Phase 2: The Brain (AI Integration)

  • BYO Key: Settings panel to input API Key.
  • Vision-to-Text: On image upload, AI generates a text description (saved to vision_summary).
  • “Generate Next Step”:
    • Backend logic (in browser) traverses the graph to find Ancestors.
    • Constructs prompt with Global State + Ancestor Summaries + Current Node.
    • Renders 3 “Ghost Node” options.

Phase 3: The Scientist (Advanced Logic)

  • Episode Grouping: Auto-detect M->V->O loops and draw a bounding box.
  • Rating UI: 5-star widget on the Episode box.
  • Context Pruning: Implement the “Summary” background worker to compress old nodes.
  • PDF Parsing: Drag-and-drop PDF to extract text for the context window.

Phase 4: Launch Polish

  • Export to Report: A “Drafting” button that compiles 5-star episodes into a Markdown document (Abstract/Results).
  • Templates: Pre-loaded graphs for “Literature Review” or “Wet Lab Experiment.”

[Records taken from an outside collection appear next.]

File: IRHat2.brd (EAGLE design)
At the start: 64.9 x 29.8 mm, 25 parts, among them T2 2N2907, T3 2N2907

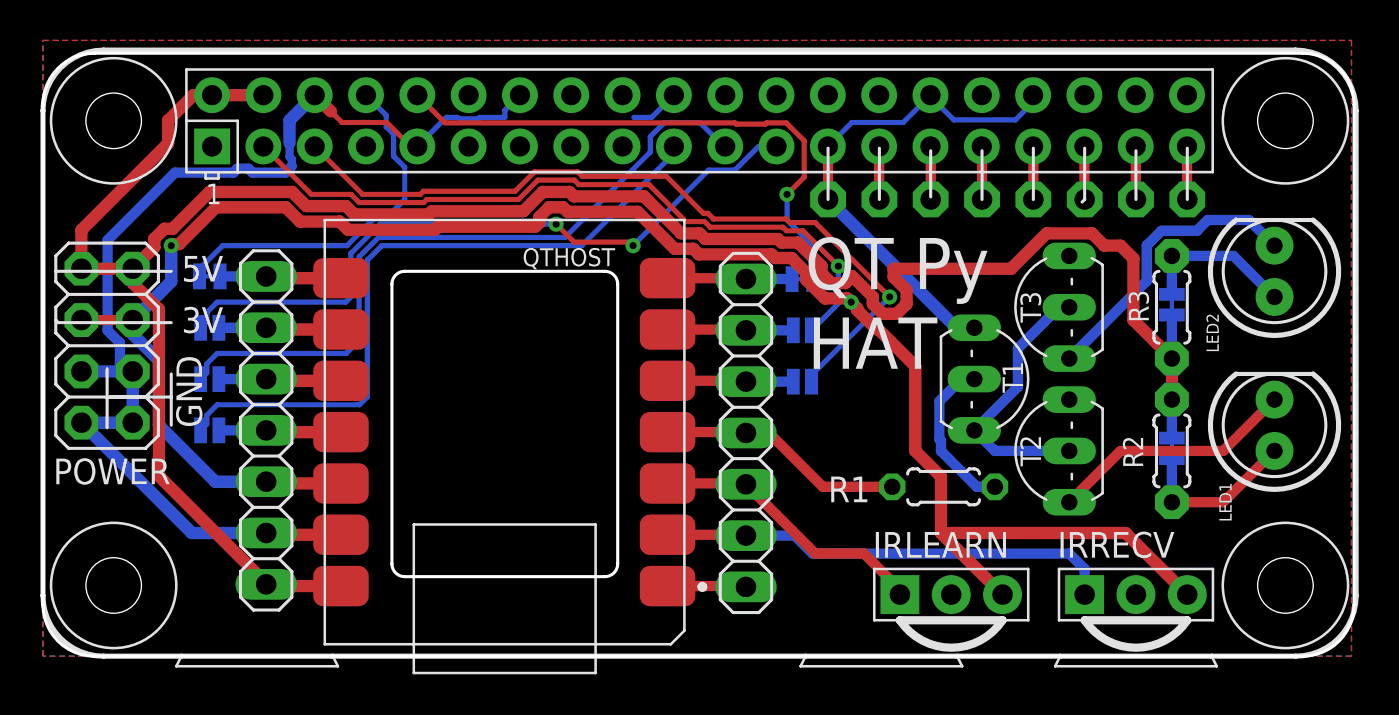
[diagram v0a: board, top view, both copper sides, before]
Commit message: tweaks and warning fixes
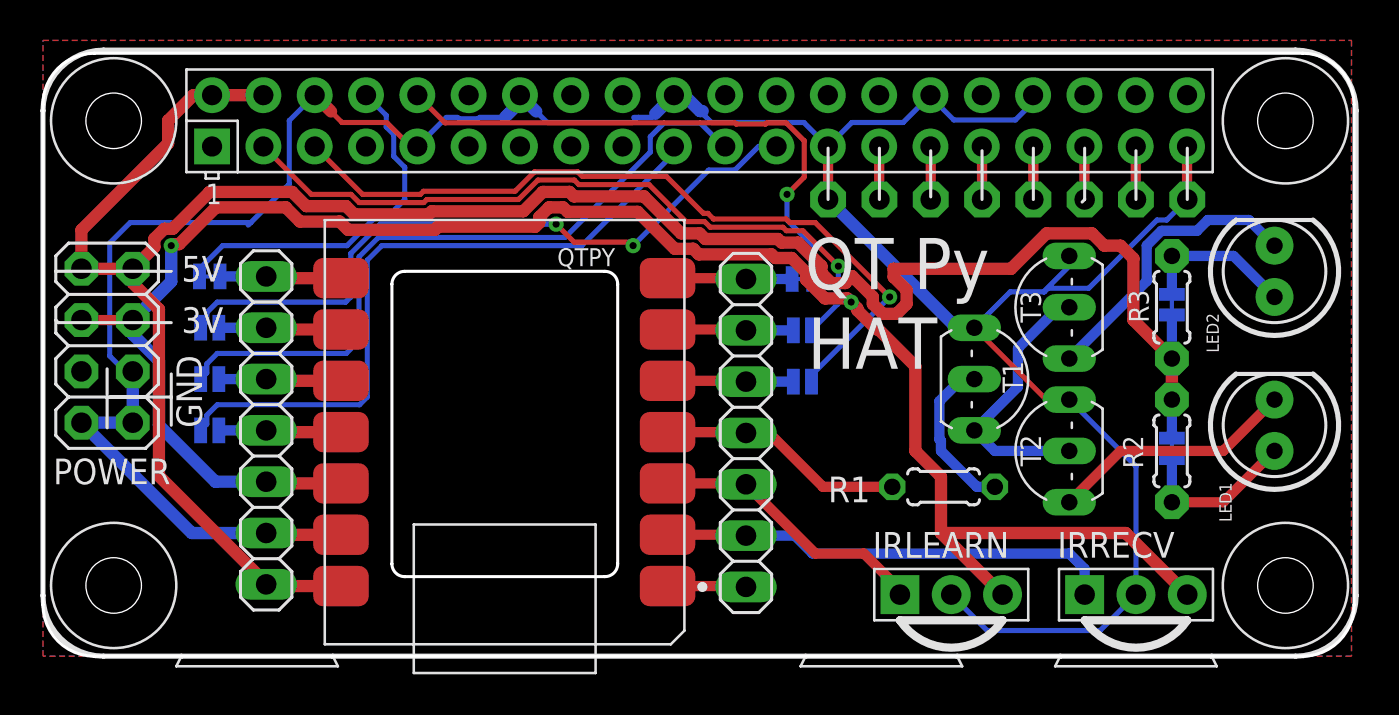
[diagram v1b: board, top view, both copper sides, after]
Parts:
- renumbered QTHOST to QTPY
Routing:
- net GND: track 87.3 -> 143.4 mm

6. UX/UI Flow (The “Happy Path”)

  1. Setup: User opens StemFlow Settings Pastes API Key Creates “New Project.”
  2. Input: User drags a PDF onto the canvas. It becomes an Observation Node.
  3. Analysis: User clicks “Analyze.” AI reads PDF text and summaries it.
  4. Ideation: User drags a line out selects “Suggest Mechanisms.”
  5. Selection: 3 Ghost Nodes appear. User confirms one: “Hypothesis: Protein Misfolding.”
  6. Planning: User clicks “Suggest Validation.” AI proposes “Western Blot.”
  7. Execution (Offline): User performs the blot in real life.
  8. Result: User uploads the photo of the blot to the Validation node.
  9. Rating: System detects the loop is closed. User rates it 5/5.
  10. Writing: User clicks “Draft Paper.” AI uses this 5-star loop to write the core argument.

7. Next Steps for You

  1. Repository Setup: Initialize a Next.js + React Flow project.
  2. Dependencies: Install reactflow, dexie, zustand, lucide-react, pdfjs-dist.
  3. Prototype: Build the “Silent Canvas” first (just nodes and connections, no AI) to test the UI feel.

Antigravity Status: Session Concluded. You have a complete blueprint for StemFlow. Good luck building the future of research interfaces.